▶ [What is needed] Within the material below, tally every line that holds the word "Continuous", then give the tally and nothing more.

────────

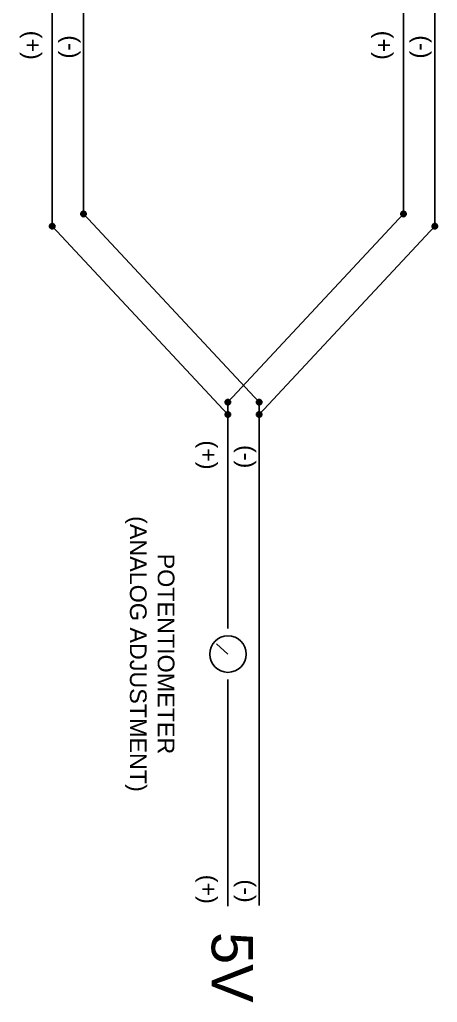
# Model space of a CAD drawing. Header units: inches. Extents: x 1044.9 to 1054.2, y 217.3 to 240.9.
# Drawn here: x 1046.91 to 1051.88, y 217.32 to 229.01 of the extents above; entities that cross this region are included whole.
import ezdxf

# ---------------------------------------------------------------- set-up
doc = ezdxf.new("R2010")
doc.units = ezdxf.units.IN
doc.header["$MEASUREMENT"] = 0
doc.layers.add('CALLOUTS', color=7, linetype='Continuous', true_color=0x000000)
doc.layers.add('Layer 1', color=7, linetype='Continuous', true_color=0x000000)
doc.styles.add('Default', font='arial.ttf')

msp = doc.modelspace()

# ---------------------------------------------------------------- hatches: boundary and pattern name
at = {"layer": 'Layer 1', "true_color": 0x000000, "extrusion": (0, 0, -1)}
for points in [[(-1047.668, 226.727), (-1047.668, 226.727), (-1047.669, 226.727), (-1047.669, 226.727), (-1047.669, 226.727), (-1047.67, 226.727), (-1047.67, 226.727), (-1047.67, 226.727), (-1047.671, 226.727), (-1047.671, 226.727), (-1047.672, 226.727), (-1047.672, 226.727), (-1047.673, 226.727), (-1047.674, 226.727), (-1047.674, 226.726), (-1047.675, 226.726), (-1047.676, 226.726), (-1047.676, 226.726), (-1047.677, 226.726), (-1047.678, 226.725), (-1047.678, 226.725), (-1047.679, 226.725), (-1047.679, 226.725), (-1047.68, 226.724), (-1047.681, 226.724), (-1047.681, 226.724), (-1047.682, 226.723), (-1047.683, 226.723), (-1047.683, 226.723), (-1047.684, 226.722), (-1047.684, 226.722), (-1047.685, 226.721), (-1047.686, 226.721), (-1047.686, 226.72), (-1047.687, 226.72), (-1047.687, 226.719), (-1047.688, 226.719), (-1047.688, 226.718), (-1047.689, 226.718), (-1047.689, 226.717), (-1047.69, 226.717), (-1047.69, 226.716), (-1047.691, 226.716), (-1047.691, 226.715), (-1047.692, 226.714), (-1047.692, 226.714), (-1047.693, 226.713), (-1047.693, 226.713), (-1047.693, 226.712), (-1047.694, 226.711), (-1047.694, 226.711), (-1047.694, 226.71), (-1047.695, 226.709), (-1047.695, 226.709), (-1047.695, 226.708), (-1047.696, 226.707), (-1047.696, 226.707), (-1047.696, 226.706), (-1047.696, 226.705), (-1047.696, 226.705), (-1047.697, 226.704), (-1047.697, 226.703), (-1047.697, 226.703), (-1047.697, 226.702), (-1047.697, 226.701), (-1047.697, 226.701), (-1047.697, 226.701), (-1047.697, 226.7), (-1047.697, 226.7), (-1047.697, 226.7), (-1047.697, 226.699), (-1047.697, 226.699), (-1047.697, 226.699), (-1047.697, 226.698), (-1047.697, 226.698), (-1047.697, 226.698), (-1047.697, 226.697), (-1047.697, 226.697), (-1047.697, 226.697), (-1047.697, 226.696), (-1047.697, 226.696), (-1047.697, 226.696), (-1047.697, 226.695), (-1047.697, 226.695), (-1047.697, 226.695), (-1047.697, 226.694), (-1047.697, 226.693), (-1047.697, 226.693), (-1047.697, 226.692), (-1047.696, 226.691), (-1047.696, 226.691), (-1047.696, 226.69), (-1047.696, 226.689), (-1047.696, 226.689), (-1047.695, 226.688), (-1047.695, 226.687), (-1047.695, 226.687), (-1047.694, 226.686), (-1047.694, 226.685), (-1047.694, 226.685), (-1047.693, 226.684), (-1047.693, 226.684), (-1047.693, 226.683), (-1047.692, 226.682), (-1047.692, 226.682), (-1047.691, 226.681), (-1047.691, 226.681), (-1047.69, 226.68), (-1047.69, 226.679), (-1047.689, 226.679), (-1047.689, 226.678), (-1047.688, 226.678), (-1047.688, 226.677), (-1047.687, 226.677), (-1047.687, 226.676), (-1047.686, 226.676), (-1047.686, 226.675), (-1047.685, 226.675), (-1047.684, 226.674), (-1047.684, 226.674), (-1047.683, 226.674), (-1047.683, 226.673), (-1047.682, 226.673), (-1047.681, 226.673), (-1047.681, 226.672), (-1047.68, 226.672), (-1047.679, 226.672), (-1047.679, 226.671), (-1047.678, 226.671), (-1047.678, 226.671), (-1047.677, 226.67), (-1047.676, 226.67), (-1047.676, 226.67), (-1047.675, 226.67), (-1047.674, 226.67), (-1047.674, 226.67), (-1047.673, 226.669), (-1047.672, 226.669), (-1047.672, 226.669), (-1047.671, 226.669), (-1047.671, 226.669), (-1047.67, 226.669), (-1047.67, 226.669), (-1047.67, 226.669), (-1047.669, 226.669), (-1047.669, 226.669), (-1047.669, 226.669), (-1047.668, 226.669), (-1047.668, 226.669), (-1047.668, 226.669), (-1047.667, 226.669), (-1047.667, 226.669), (-1047.667, 226.669), (-1047.666, 226.669), (-1047.666, 226.669), (-1047.666, 226.669), (-1047.665, 226.669), (-1047.665, 226.669), (-1047.665, 226.669), (-1047.664, 226.669), (-1047.663, 226.669), (-1047.663, 226.67), (-1047.662, 226.67), (-1047.661, 226.67), (-1047.661, 226.67), (-1047.66, 226.67), (-1047.659, 226.67), (-1047.659, 226.671), (-1047.658, 226.671), (-1047.657, 226.671), (-1047.657, 226.672), (-1047.656, 226.672), (-1047.656, 226.672), (-1047.655, 226.673), (-1047.654, 226.673), (-1047.654, 226.673), (-1047.653, 226.674), (-1047.652, 226.674), (-1047.652, 226.674), (-1047.651, 226.675), (-1047.651, 226.675), (-1047.65, 226.676), (-1047.65, 226.676), (-1047.649, 226.677), (-1047.648, 226.677), (-1047.648, 226.678), (-1047.647, 226.678), (-1047.647, 226.679), (-1047.646, 226.679), (-1047.646, 226.68), (-1047.645, 226.681), (-1047.645, 226.681), (-1047.645, 226.682), (-1047.644, 226.682), (-1047.644, 226.683), (-1047.643, 226.684), (-1047.643, 226.684), (-1047.643, 226.685), (-1047.642, 226.685), (-1047.642, 226.686), (-1047.642, 226.687), (-1047.641, 226.687), (-1047.641, 226.688), (-1047.641, 226.689), (-1047.641, 226.689), (-1047.64, 226.69), (-1047.64, 226.691), (-1047.64, 226.691), (-1047.64, 226.692), (-1047.64, 226.693), (-1047.64, 226.693), (-1047.639, 226.694), (-1047.639, 226.695), (-1047.639, 226.695), (-1047.639, 226.695), (-1047.639, 226.696), (-1047.639, 226.696), (-1047.639, 226.696), (-1047.639, 226.697), (-1047.639, 226.697), (-1047.639, 226.697), (-1047.639, 226.698), (-1047.639, 226.698), (-1047.639, 226.698), (-1047.639, 226.699), (-1047.639, 226.699), (-1047.639, 226.699), (-1047.639, 226.7), (-1047.639, 226.7), (-1047.639, 226.7), (-1047.639, 226.701), (-1047.639, 226.701), (-1047.639, 226.701), (-1047.639, 226.702), (-1047.64, 226.703), (-1047.64, 226.703), (-1047.64, 226.704), (-1047.64, 226.705), (-1047.64, 226.705), (-1047.64, 226.706), (-1047.641, 226.707), (-1047.641, 226.707), (-1047.641, 226.708), (-1047.641, 226.709), (-1047.642, 226.709), (-1047.642, 226.71), (-1047.642, 226.711), (-1047.643, 226.711), (-1047.643, 226.712), (-1047.643, 226.713), (-1047.644, 226.713), (-1047.644, 226.714), (-1047.645, 226.714), (-1047.645, 226.715), (-1047.645, 226.716), (-1047.646, 226.716), (-1047.646, 226.717), (-1047.647, 226.717), (-1047.647, 226.718), (-1047.648, 226.718), (-1047.648, 226.719), (-1047.649, 226.719), (-1047.65, 226.72), (-1047.65, 226.72), (-1047.651, 226.721), (-1047.651, 226.721), (-1047.652, 226.722), (-1047.652, 226.722), (-1047.653, 226.723), (-1047.654, 226.723), (-1047.654, 226.723), (-1047.655, 226.724), (-1047.656, 226.724), (-1047.656, 226.724), (-1047.657, 226.725), (-1047.657, 226.725), (-1047.658, 226.725), (-1047.659, 226.725), (-1047.659, 226.726), (-1047.66, 226.726), (-1047.661, 226.726), (-1047.661, 226.726), (-1047.662, 226.726), (-1047.663, 226.727), (-1047.663, 226.727), (-1047.664, 226.727), (-1047.665, 226.727), (-1047.665, 226.727), (-1047.665, 226.727), (-1047.666, 226.727), (-1047.666, 226.727), (-1047.666, 226.727), (-1047.667, 226.727), (-1047.667, 226.727), (-1047.667, 226.727), (-1047.668, 226.727)], [(-1051.477, 226.727), (-1051.477, 226.727), (-1051.478, 226.727), (-1051.478, 226.727), (-1051.478, 226.727), (-1051.479, 226.727), (-1051.479, 226.727), (-1051.479, 226.727), (-1051.48, 226.727), (-1051.48, 226.727), (-1051.48, 226.727), (-1051.481, 226.727), (-1051.482, 226.727), (-1051.482, 226.727), (-1051.483, 226.726), (-1051.484, 226.726), (-1051.484, 226.726), (-1051.485, 226.726), (-1051.486, 226.726), (-1051.486, 226.725), (-1051.487, 226.725), (-1051.488, 226.725), (-1051.488, 226.725), (-1051.489, 226.724), (-1051.49, 226.724), (-1051.49, 226.724), (-1051.491, 226.723), (-1051.492, 226.723), (-1051.492, 226.723), (-1051.493, 226.722), (-1051.493, 226.722), (-1051.494, 226.721), (-1051.495, 226.721), (-1051.495, 226.72), (-1051.496, 226.72), (-1051.496, 226.719), (-1051.497, 226.719), (-1051.497, 226.718), (-1051.498, 226.718), (-1051.498, 226.717), (-1051.499, 226.717), (-1051.499, 226.716), (-1051.5, 226.716), (-1051.5, 226.715), (-1051.501, 226.714), (-1051.501, 226.714), (-1051.501, 226.713), (-1051.502, 226.713), (-1051.502, 226.712), (-1051.503, 226.711), (-1051.503, 226.711), (-1051.503, 226.71), (-1051.504, 226.709), (-1051.504, 226.709), (-1051.504, 226.708), (-1051.504, 226.707), (-1051.505, 226.707), (-1051.505, 226.706), (-1051.505, 226.705), (-1051.505, 226.705), (-1051.505, 226.704), (-1051.506, 226.703), (-1051.506, 226.703), (-1051.506, 226.702), (-1051.506, 226.701), (-1051.506, 226.701), (-1051.506, 226.701), (-1051.506, 226.7), (-1051.506, 226.7), (-1051.506, 226.7), (-1051.506, 226.699), (-1051.506, 226.699), (-1051.506, 226.699), (-1051.506, 226.698), (-1051.506, 226.698), (-1051.506, 226.698), (-1051.506, 226.697), (-1051.506, 226.697), (-1051.506, 226.697), (-1051.506, 226.696), (-1051.506, 226.696), (-1051.506, 226.696), (-1051.506, 226.695), (-1051.506, 226.695), (-1051.506, 226.695), (-1051.506, 226.694), (-1051.506, 226.693), (-1051.506, 226.693), (-1051.505, 226.692), (-1051.505, 226.691), (-1051.505, 226.691), (-1051.505, 226.69), (-1051.505, 226.689), (-1051.504, 226.689), (-1051.504, 226.688), (-1051.504, 226.687), (-1051.504, 226.687), (-1051.503, 226.686), (-1051.503, 226.685), (-1051.503, 226.685), (-1051.502, 226.684), (-1051.502, 226.684), (-1051.501, 226.683), (-1051.501, 226.682), (-1051.501, 226.682), (-1051.5, 226.681), (-1051.5, 226.681), (-1051.499, 226.68), (-1051.499, 226.679), (-1051.498, 226.679), (-1051.498, 226.678), (-1051.497, 226.678), (-1051.497, 226.677), (-1051.496, 226.677), (-1051.496, 226.676), (-1051.495, 226.676), (-1051.495, 226.675), (-1051.494, 226.675), (-1051.493, 226.674), (-1051.493, 226.674), (-1051.492, 226.674), (-1051.492, 226.673), (-1051.491, 226.673), (-1051.49, 226.673), (-1051.49, 226.672), (-1051.489, 226.672), (-1051.488, 226.672), (-1051.488, 226.671), (-1051.487, 226.671), (-1051.486, 226.671), (-1051.486, 226.67), (-1051.485, 226.67), (-1051.484, 226.67), (-1051.484, 226.67), (-1051.483, 226.67), (-1051.482, 226.67), (-1051.482, 226.669), (-1051.481, 226.669), (-1051.48, 226.669), (-1051.48, 226.669), (-1051.48, 226.669), (-1051.479, 226.669), (-1051.479, 226.669), (-1051.479, 226.669), (-1051.478, 226.669), (-1051.478, 226.669), (-1051.478, 226.669), (-1051.477, 226.669), (-1051.477, 226.669), (-1051.477, 226.669), (-1051.476, 226.669), (-1051.476, 226.669), (-1051.476, 226.669), (-1051.475, 226.669), (-1051.475, 226.669), (-1051.475, 226.669), (-1051.474, 226.669), (-1051.474, 226.669), (-1051.474, 226.669), (-1051.473, 226.669), (-1051.472, 226.669), (-1051.472, 226.67), (-1051.471, 226.67), (-1051.47, 226.67), (-1051.47, 226.67), (-1051.469, 226.67), (-1051.468, 226.67), (-1051.468, 226.671), (-1051.467, 226.671), (-1051.466, 226.671), (-1051.466, 226.672), (-1051.465, 226.672), (-1051.464, 226.672), (-1051.464, 226.673), (-1051.463, 226.673), (-1051.463, 226.673), (-1051.462, 226.674), (-1051.461, 226.674), (-1051.461, 226.674), (-1051.46, 226.675), (-1051.46, 226.675), (-1051.459, 226.676), (-1051.458, 226.676), (-1051.458, 226.677), (-1051.457, 226.677), (-1051.457, 226.678), (-1051.456, 226.678), (-1051.456, 226.679), (-1051.455, 226.679), (-1051.455, 226.68), (-1051.454, 226.681), (-1051.454, 226.681), (-1051.453, 226.682), (-1051.453, 226.682), (-1051.453, 226.683), (-1051.452, 226.684), (-1051.452, 226.684), (-1051.451, 226.685), (-1051.451, 226.685), (-1051.451, 226.686), (-1051.45, 226.687), (-1051.45, 226.687), (-1051.45, 226.688), (-1051.45, 226.689), (-1051.449, 226.689), (-1051.449, 226.69), (-1051.449, 226.691), (-1051.449, 226.691), (-1051.449, 226.692), (-1051.449, 226.693), (-1051.448, 226.693), (-1051.448, 226.694), (-1051.448, 226.695), (-1051.448, 226.695), (-1051.448, 226.695), (-1051.448, 226.696), (-1051.448, 226.696), (-1051.448, 226.696), (-1051.448, 226.697), (-1051.448, 226.697), (-1051.448, 226.697), (-1051.448, 226.698), (-1051.448, 226.698), (-1051.448, 226.698), (-1051.448, 226.699), (-1051.448, 226.699), (-1051.448, 226.699), (-1051.448, 226.7), (-1051.448, 226.7), (-1051.448, 226.7), (-1051.448, 226.701), (-1051.448, 226.701), (-1051.448, 226.701), (-1051.448, 226.702), (-1051.448, 226.703), (-1051.449, 226.703), (-1051.449, 226.704), (-1051.449, 226.705), (-1051.449, 226.705), (-1051.449, 226.706), (-1051.449, 226.707), (-1051.45, 226.707), (-1051.45, 226.708), (-1051.45, 226.709), (-1051.45, 226.709), (-1051.451, 226.71), (-1051.451, 226.711), (-1051.451, 226.711), (-1051.452, 226.712), (-1051.452, 226.713), (-1051.453, 226.713), (-1051.453, 226.714), (-1051.453, 226.714), (-1051.454, 226.715), (-1051.454, 226.716), (-1051.455, 226.716), (-1051.455, 226.717), (-1051.456, 226.717), (-1051.456, 226.718), (-1051.457, 226.718), (-1051.457, 226.719), (-1051.458, 226.719), (-1051.458, 226.72), (-1051.459, 226.72), (-1051.46, 226.721), (-1051.46, 226.721), (-1051.461, 226.722), (-1051.461, 226.722), (-1051.462, 226.723), (-1051.463, 226.723), (-1051.463, 226.723), (-1051.464, 226.724), (-1051.464, 226.724), (-1051.465, 226.724), (-1051.466, 226.725), (-1051.466, 226.725), (-1051.467, 226.725), (-1051.468, 226.725), (-1051.468, 226.726), (-1051.469, 226.726), (-1051.47, 226.726), (-1051.47, 226.726), (-1051.471, 226.726), (-1051.472, 226.727), (-1051.472, 226.727), (-1051.473, 226.727), (-1051.474, 226.727), (-1051.474, 226.727), (-1051.474, 226.727), (-1051.475, 226.727), (-1051.475, 226.727), (-1051.475, 226.727), (-1051.476, 226.727), (-1051.476, 226.727), (-1051.476, 226.727), (-1051.477, 226.727)], [(-1047.296, 226.58), (-1047.296, 226.58), (-1047.297, 226.58), (-1047.297, 226.58), (-1047.297, 226.58), (-1047.298, 226.58), (-1047.298, 226.58), (-1047.298, 226.58), (-1047.299, 226.58), (-1047.299, 226.58), (-1047.299, 226.58), (-1047.3, 226.58), (-1047.301, 226.58), (-1047.301, 226.58), (-1047.302, 226.58), (-1047.303, 226.58), (-1047.303, 226.579), (-1047.304, 226.579), (-1047.305, 226.579), (-1047.305, 226.579), (-1047.306, 226.579), (-1047.307, 226.578), (-1047.307, 226.578), (-1047.308, 226.578), (-1047.309, 226.577), (-1047.309, 226.577), (-1047.31, 226.577), (-1047.31, 226.576), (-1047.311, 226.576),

────────

▶ [Response below] 2